# LAYOUT HELP OR SUGGESTION NEEDED



## darticus (Sep 23, 2010)

I have made a small Z scale layout but want to build another in Z scale allowing 2 or 3 trains to run at the same time but each independent of the other. Can anyone tell me the procedure to isolate tracks so each train is separate. Maybe it should just be separate tracks not even connected. A yard would be connected but isolated on a separate transformer?
I would think if you build two or three tracks their radius tracks have to be different so other trains are not over the other track. Is there a picture or something I could follow to do this? Do I need a book? Three trains would be two running trains and a working yard. Anyone have any thoughts? *Any layouts I could follow?* I wanted to stay to a table 19.5 inches by 45.5 inches. Suggestions wanted Thanks Ron


----------



## CTValleyRR (Jul 26, 2014)

I don't know if there are DCC decoders small enough for Z scale, but that is certainly one solution.

Independent tracks would also work, obviously.

DC folks have been wiring isolated blocks to allow multiple trains to run for years. You simply gap the rails and insert something non-conductive to create a boundary between blocks. Each block requires its own transformer, and all trains in that block receive the same DC current. A train can cross between blocks, but it would instantly acquire the throttle setting in use in the new block (unlike DCC, where each locomotive's decoder provides the correct amount of power to the motor for that locomotive's speed setting).

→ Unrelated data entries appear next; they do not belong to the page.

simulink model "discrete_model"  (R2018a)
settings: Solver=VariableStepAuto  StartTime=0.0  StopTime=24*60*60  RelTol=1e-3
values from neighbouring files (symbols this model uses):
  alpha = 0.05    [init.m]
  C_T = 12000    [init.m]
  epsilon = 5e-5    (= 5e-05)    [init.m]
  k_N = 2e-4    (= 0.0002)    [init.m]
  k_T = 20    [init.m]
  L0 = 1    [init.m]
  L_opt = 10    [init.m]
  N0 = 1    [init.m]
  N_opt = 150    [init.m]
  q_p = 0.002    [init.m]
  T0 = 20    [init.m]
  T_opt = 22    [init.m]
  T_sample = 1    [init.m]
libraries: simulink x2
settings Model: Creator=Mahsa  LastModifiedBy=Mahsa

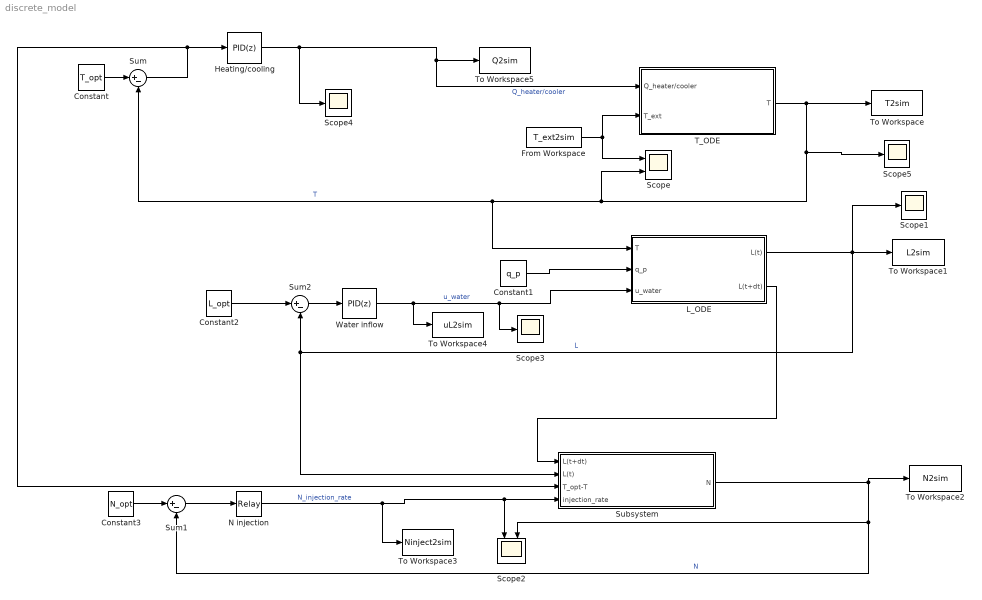
== system discrete_model ==
  Constant : Constant  Value=T_opt
  Constant1 : Constant  Value=q_p
  Constant2 : Constant  Value=L_opt
  Constant3 : Constant  Value=N_opt
  From Workspace : FromWorkspace  VariableName=T_ext2sim  SampleTime=0
  "Heating/cooling " : simulink/Continuous/PID Controller  Controller=PID  TimeDomain=Discrete-time  SampleTime=T_sample  IntegratorMethod=Forward Euler  FilterMethod=Forward Euler  Form=Parallel  UseFilter=on  ControllerParametersSource=internal  P=26.6328130643636  I=0.0891686910196959  D=-511.482477785438  N=0.00506771888250834  InitialConditionSource=internal  InitialConditionForIntegrator=0  InitialConditionForFilter=0  ExternalReset=none  LimitOutput=off  UpperSaturationLimit=inf  LowerSaturationLimit=-inf  LinearizeAsGain=on  AntiWindupMode=none  Kb=1  TrackingMode=off  Kt=1  PParamMin=[]  PParamMax=[]  IParamMin=[]  IParamMax=[]  DParamMin=[]  DParamMax=[]  NParamMin=[]  NParamMax=[]  KbParamMin=[]  KbParamMax=[]  KtParamMin=[]  KtParamMax=[]  POutMin=[]  POutMax=[]  IOutMin=[]  IOutMax=[]  DOutMin=[]  DOutMax=[]  NOutMin=[]  NOutMax=[]  KbOutMin=[]  KbOutMax=[]  KtOutMin=[]  KtOutMax=[]  IntegratorOutMin=[]  IntegratorOutMax=[]  FilterOutMin=[]  FilterOutMax=[]  SumOutMin=[]  SumOutMax=[]  SumI1OutMin=[]  SumI1OutMax=[]  SumI2OutMin=[]  SumI2OutMax=[]  SumI3OutMin=[]  SumI3OutMax=[]  SumDOutMin=[]  SumDOutMax=[]  SaturationOutMin=[]  SaturationOutMax=[]  IntegratorContinuousStateAttributes=''  IntegratorStateMustResolveToSignalObject=off  IntegratorRTWStateStorageClass=Auto  FilterContinuousStateAttributes=''  FilterStateMustResolveToSignalObject=off  FilterRTWStateStorageClass=Auto  DifferentiatorICPrevScaledInput=0  DifferentiatorOutMin=[]  DifferentiatorOutMax=[]  FilterDiffOutCoefMin=[]  FilterDiffOutCoefMax=[]  SumDenOutMin=[]  SumDenOutMax=[]  SumNumOutMin=[]  SumNumOutMax=[]  ReciprocalOutMin=[]  ReciprocalOutMax=[]  DivideOutMin=[]  DivideOutMax=[]  TunerSelectOption=Transfer Function Based (PID Tuner App)
  L_ODE : Subsystem
  N injection : Relay  OnSwitchValue=50  OffSwitchValue=-50  OnOutputValue=R
  Scope : Scope  NumInputPorts=2
  Scope{1,3..5} (4 alike) : Scope
  Scope2 : Scope  NumInputPorts=2
  Subsystem : Subsystem
  Sum : Sum  Inputs=|+-
  Sum1 : Sum  Inputs=|+-
  Sum2 : Sum  Inputs=|+-
  T_ODE : Subsystem
  To Workspace : ToWorkspace  VariableName=T2sim  SaveFormat=Timeseries  SampleTime=T_sample
  To Workspace1 : ToWorkspace  VariableName=L2sim  SaveFormat=Timeseries  SampleTime=T_sample
  To Workspace2 : ToWorkspace  VariableName=N2sim  SaveFormat=Timeseries  SampleTime=T_sample
  To Workspace3 : ToWorkspace  VariableName=Ninject2sim  SaveFormat=Timeseries  SampleTime=T_sample
  To Workspace4 : ToWorkspace  VariableName=uL2sim  SaveFormat=Timeseries  SampleTime=T_sample
  To Workspace5 : ToWorkspace  VariableName=Q2sim  SaveFormat=Timeseries  SampleTime=T_sample
  Water inflow : simulink/Continuous/PID Controller  Controller=PID  TimeDomain=Discrete-time  SampleTime=T_sample  IntegratorMethod=Forward Euler  FilterMethod=Forward Euler  Form=Parallel  UseFilter=on  ControllerParametersSource=internal  P=0.028808901415482  I=0.000153529168152366  D=-0.200332739399639  N=0.0470716938872077  InitialConditionSource=internal  InitialConditionForIntegrator=0  InitialConditionForFilter=0  ExternalReset=none  LimitOutput=on  UpperSaturationLimit=inf  LowerSaturationLimit=0  LinearizeAsGain=on  AntiWindupMode=none  Kb=1  TrackingMode=off  Kt=1  PParamMin=[]  PParamMax=[]  IParamMin=[]  IParamMax=[]  DParamMin=[]  DParamMax=[]  NParamMin=[]  NParamMax=[]  KbParamMin=[]  KbParamMax=[]  KtParamMin=[]  KtParamMax=[]  POutMin=[]  POutMax=[]  IOutMin=[]  IOutMax=[]  DOutMin=[]  DOutMax=[]  NOutMin=[]  NOutMax=[]  KbOutMin=[]  KbOutMax=[]  KtOutMin=[]  KtOutMax=[]  IntegratorOutMin=[]  IntegratorOutMax=[]  FilterOutMin=[]  FilterOutMax=[]  SumOutMin=[]  SumOutMax=[]  SumI1OutMin=[]  SumI1OutMax=[]  SumI2OutMin=[]  SumI2OutMax=[]  SumI3OutMin=[]  SumI3OutMax=[]  SumDOutMin=[]  SumDOutMax=[]  SaturationOutMin=[]  SaturationOutMax=[]  IntegratorContinuousStateAttributes=''  IntegratorStateMustResolveToSignalObject=off  IntegratorRTWStateStorageClass=Auto  FilterContinuousStateAttributes=''  FilterStateMustResolveToSignalObject=off  FilterRTWStateStorageClass=Auto  DifferentiatorICPrevScaledInput=0  DifferentiatorOutMin=[]  DifferentiatorOutMax=[]  FilterDiffOutCoefMin=[]  FilterDiffOutCoefMax=[]  SumDenOutMin=[]  SumDenOutMax=[]  SumNumOutMin=[]  SumNumOutMax=[]  ReciprocalOutMin=[]  ReciprocalOutMax=[]  DivideOutMin=[]  DivideOutMax=[]  TunerSelectOption=Transfer Function Based (PID Tuner App)
  wires:
  Sum1/1 -> N injection/1
  Sum2/1 -> Water inflow/1
  T_ODE/1(T) -> Scope5/1, Scope/2, L_ODE/1(T), Sum/2, To Workspace/1  "T"
  "Heating/cooling "/1 -> Scope4/1, To Workspace5/1, T_ODE/1(Q_heater/cooler)  "Q_heater/cooler"
  Constant/1 -> Sum/1
  From Workspace/1 -> Scope/1, T_ODE/2(T_ext)
  Constant2/1 -> Sum2/1
  Water inflow/1 -> To Workspace4/1, Scope3/1, L_ODE/3(u_water)  "u_water"
  Constant1/1 -> L_ODE/2(q_p)
  L_ODE/1(L(t)) -> Subsystem/2(L(t)), Sum2/2, Scope1/1, To Workspace1/1  "L"
  Constant3/1 -> Sum1/1
  Subsystem/1("N ") -> To Workspace2/1, Sum1/2, Scope2/2  "N"
  L_ODE/2(L(t+dt)) -> Subsystem/1(L(t+dt))
  N injection/1 -> To Workspace3/1, Scope2/1, Subsystem/4(injection_rate)  "N_injection_rate"
  Sum/1 -> Subsystem/3(T_opt-T), "Heating/cooling "/1

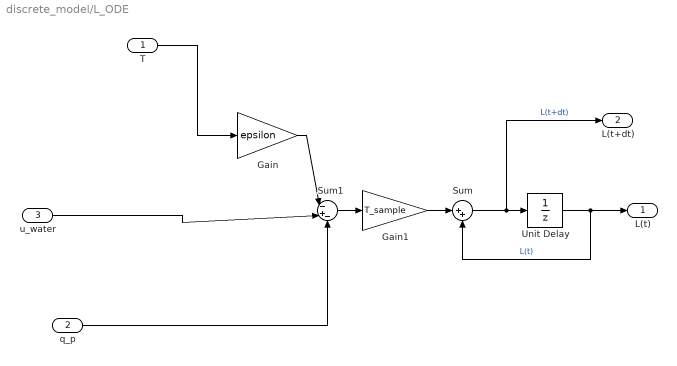
== system discrete_model/L_ODE ==
  T : Inport
  q_p : Inport  Port=2
  u_water : Inport  Port=3
  Gain : Gain  Gain=epsilon
  Gain1 : Gain  Gain=T_sample
  Sum : Sum  Inputs=|++
  Sum1 : Sum  Inputs=|-+-
  Unit Delay : UnitDelay  InitialCondition=L0  SampleTime=T_sample
  L(t) : Outport
  L(t+dt) : Outport  Port=2
  wires:
  Sum1/1 -> Gain1/1
  T/1 -> Gain/1
  Gain/1 -> Sum1/1
  u_water/1 -> Sum1/2
  q_p/1 -> Sum1/3
  Unit Delay/1 -> Sum/2, L(t)/1  "L(t)"
  Gain1/1 -> Sum/1
  Sum/1 -> L(t+dt)/1, Unit Delay/1  "L(t+dt)"

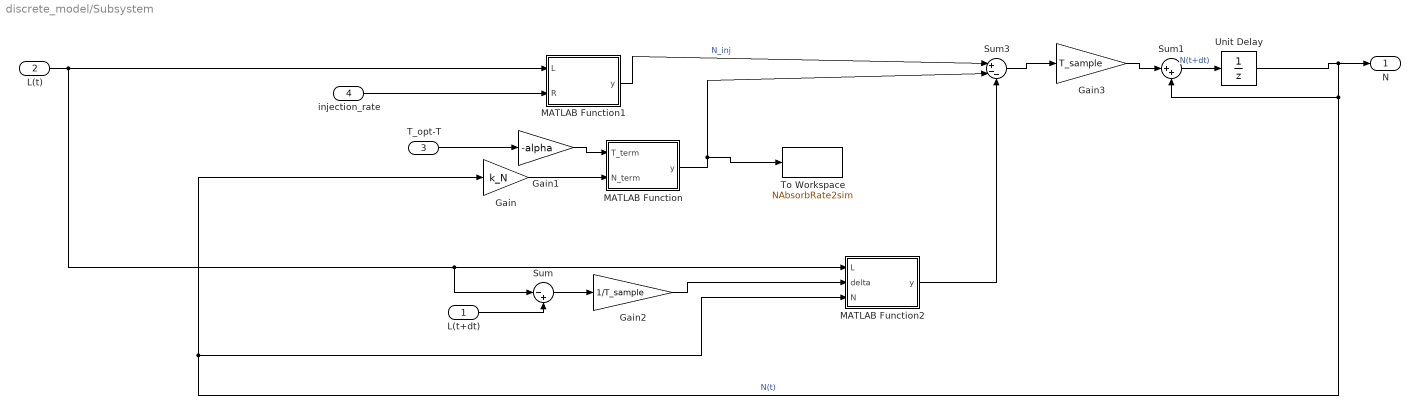
== system discrete_model/Subsystem ==
  L(t+dt) : Inport
  L(t) : Inport  Port=2
  T_opt-T : Inport  Port=3
  injection_rate : Inport  Port=4
  Gain : Gain  Gain=k_N
  Gain1 : Gain  Gain=-alpha
  Gain2 : Gain  Gain=1/T_sample
  Gain3 : Gain  Gain=T_sample
  MATLAB Function : MATLAB Function  TreatAsAtomicUnit=on
  MATLAB Function1 : MATLAB Function  TreatAsAtomicUnit=on
  MATLAB Function2 : MATLAB Function  TreatAsAtomicUnit=on
  Sum : Sum  Inputs=|-+
  Sum1 : Sum  Inputs=|++
  Sum3 : Sum  Inputs=|+--
  To Workspace : ToWorkspace  VariableName=NAbsorbRate2sim  SaveFormat=Timeseries  SampleTime=T_sample
  Unit Delay : UnitDelay  InitialCondition=N0  SampleTime=T_sample
  "N " : Outport
  wires:
  MATLAB Function2/1(y) -> Sum3/3
  MATLAB Function1/1(y) -> Sum3/1  "N_inj"
  MATLAB Function/1(y) -> To Workspace/1, Sum3/2
  injection_rate/1 -> MATLAB Function1/2(R)
  Gain/1 -> MATLAB Function/2(N_term)
  Gain1/1 -> MATLAB Function/1(T_term)
  L(t)/1 -> Sum/1, MATLAB Function2/1(L), MATLAB Function1/1(L)
  T_opt-T/1 -> Gain1/1
  Unit Delay/1 -> Gain/1, MATLAB Function2/3(N), Sum1/2, "N "/1  "N(t)"
  L(t+dt)/1 -> Sum/2
  Sum/1 -> Gain2/1
  Gain2/1 -> MATLAB Function2/2(delta)
  Sum3/1 -> Gain3/1
  Gain3/1 -> Sum1/1
  Sum1/1 -> Unit Delay/1  "N(t+dt)"

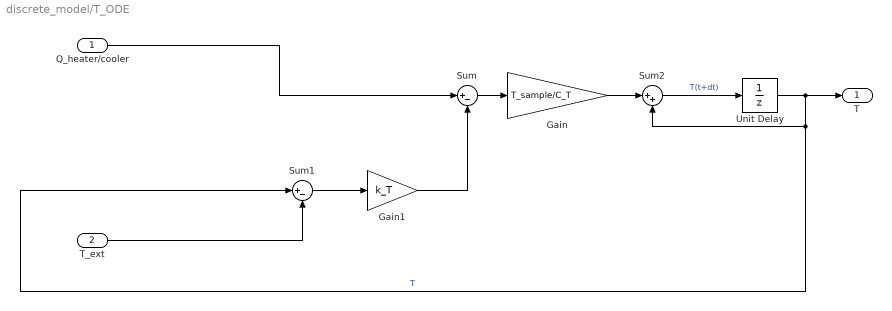
== system discrete_model/T_ODE ==
  Q_heater/cooler : Inport
  T_ext : Inport  Port=2
  Gain : Gain  Gain=T_sample/C_T
  Gain1 : Gain  Gain=k_T
  Sum : Sum  Inputs=|+-
  Sum1 : Sum  Inputs=|+-
  Sum2 : Sum  Inputs=|++
  Unit Delay : UnitDelay  InitialCondition=T0  SampleTime=T_sample
  T : Outport
  wires:
  Gain/1 -> Sum2/1
  T_ext/1 -> Sum1/2
  Sum1/1 -> Gain1/1
  Gain1/1 -> Sum/2
  Unit Delay/1 -> Sum1/1, Sum2/2, T/1  "T"
  Q_heater/cooler/1 -> Sum/1
  Sum/1 -> Gain/1
  Sum2/1 -> Unit Delay/1  "T(t+dt)"

== matlab function discrete_model/Subsystem/MATLAB Function1 ==
  data: L input; y output; R input
function y = fcn(L,R)

y = R./L;

== matlab function discrete_model/Subsystem/MATLAB Function ==
  data: T_term input; y output; N_term input
function y = fcn(T_term,N_term)

y = N_term.*(1+T_term);

== matlab function discrete_model/Subsystem/MATLAB Function2 ==
  data: L input; y output; delta input; N input
function y = fcn(L,delta,N)

y = delta.*N./L;

20 by 46 should be plenty of space for several loops of different radii. I wouldn't think you'd need a book or anything, just sketch it on paper or use a computer design program.


----------



## darticus (Sep 23, 2010)

CTValleyRR said:


> I don't know if there are DCC decoders small enough for Z scale, but that is certainly one solution.
> 
> Independent tracks would also work, obviously.
> 
> ...



Thanks for your help. I will keep investigating. Ron


----------



## prrfan (Dec 19, 2014)

CTValleyRR said:


> I don't know if there are DCC decoders small enough for Z scale, but that is certainly one solution.
> 
> Independent tracks would also work, obviously.
> 
> ...


An excellent source of information on this type of block wiring can be found in The Complete Atlas Wiring Book. I used it when I built my first layout (HO) and it was invaluable. 
You might want to check with resources in the Z world to be sure the techniques will transfer with that equipment.


----------



## traction fan (Oct 5, 2014)

*Some info that might help you*



darticus said:


> I have made a small Z scale layout but want to build another in Z scale allowing 2 or 3 trains to run at the same time but each independent of the other. Can anyone tell me the procedure to isolate tracks so each train is separate. Maybe it should just be separate tracks not even connected. A yard would be connected but isolated on a separate transformer?
> I would think if you build two or three tracks their radius tracks have to be different so other trains are not over the other track. Is there a picture or something I could follow to do this? Do I need a book? Three trains would be two running trains and a working yard. Anyone have any thoughts? *Any layouts I could follow?* I wanted to stay to a table 19.5 inches by 45.5 inches. Suggestions wanted Thanks Ron


darticus; 

Reading the responses so far, it looks like your basic questions have been answered. By the way, yes, there are DCC decoders made for Z-scale. Using DCC would allow you to control each of your three locos independently even on a common track. Using DC you would need , as CTValley suggested, insulated gaps in both rail at the boundaries between loop 1 and loop 2 and loop three. 
There is a very good book available that covers wiring for DC and DCC along with a dozen other model railroading subjects. The book uses simple text, and many color photos. I recommend it as a good first "How to book." title "Introduction to Model Railroading" author Jeff Wilson, available at https://kalmbachhobbystore.com/products/books 
I'm also sending these two links/attachments to you. Both are articles I wrote for the "Beginner's Q&A" section of this forum. I think they might help you. When you get to the track planning stage, check out the "Layout Design" section of the forum. It has lots of good info on track plans. 

Good luck;

Traction Fan:smilie_daumenpos:

View attachment WHERE DO I START.pdf


View attachment MODEL RAILROADING ON A BUDGET.pdf


----------



## darticus (Sep 23, 2010)

traction fan said:


> darticus;
> 
> Reading the responses so far, it looks like your basic questions have been answered. By the way, yes, there are DCC decoders made for Z-scale. Using DCC would allow you to control each of your three locos independently even on a common track. Using DC you would need , as CTValley suggested, insulated gaps in both rail at the boundaries between loop 1 and loop 2 and loop three.
> There is a very good book available that covers wiring for DC and DCC along with a dozen other model railroading subjects. The book uses simple text, and many color photos. I recommend it as a good first "How to book." title "Introduction to Model Railroading" author Jeff Wilson, available at https://kalmbachhobbystore.com/products/books
> ...


Thanks very much. I ordered a second set of trains to get me going on my small 45.5 by 19.5 layout surface. I am now looking for a layout to use on my table top. I would like a yard and two or three independent running trains. Hope I can get some Ideas from your suggestions. Thanks again Ron


----------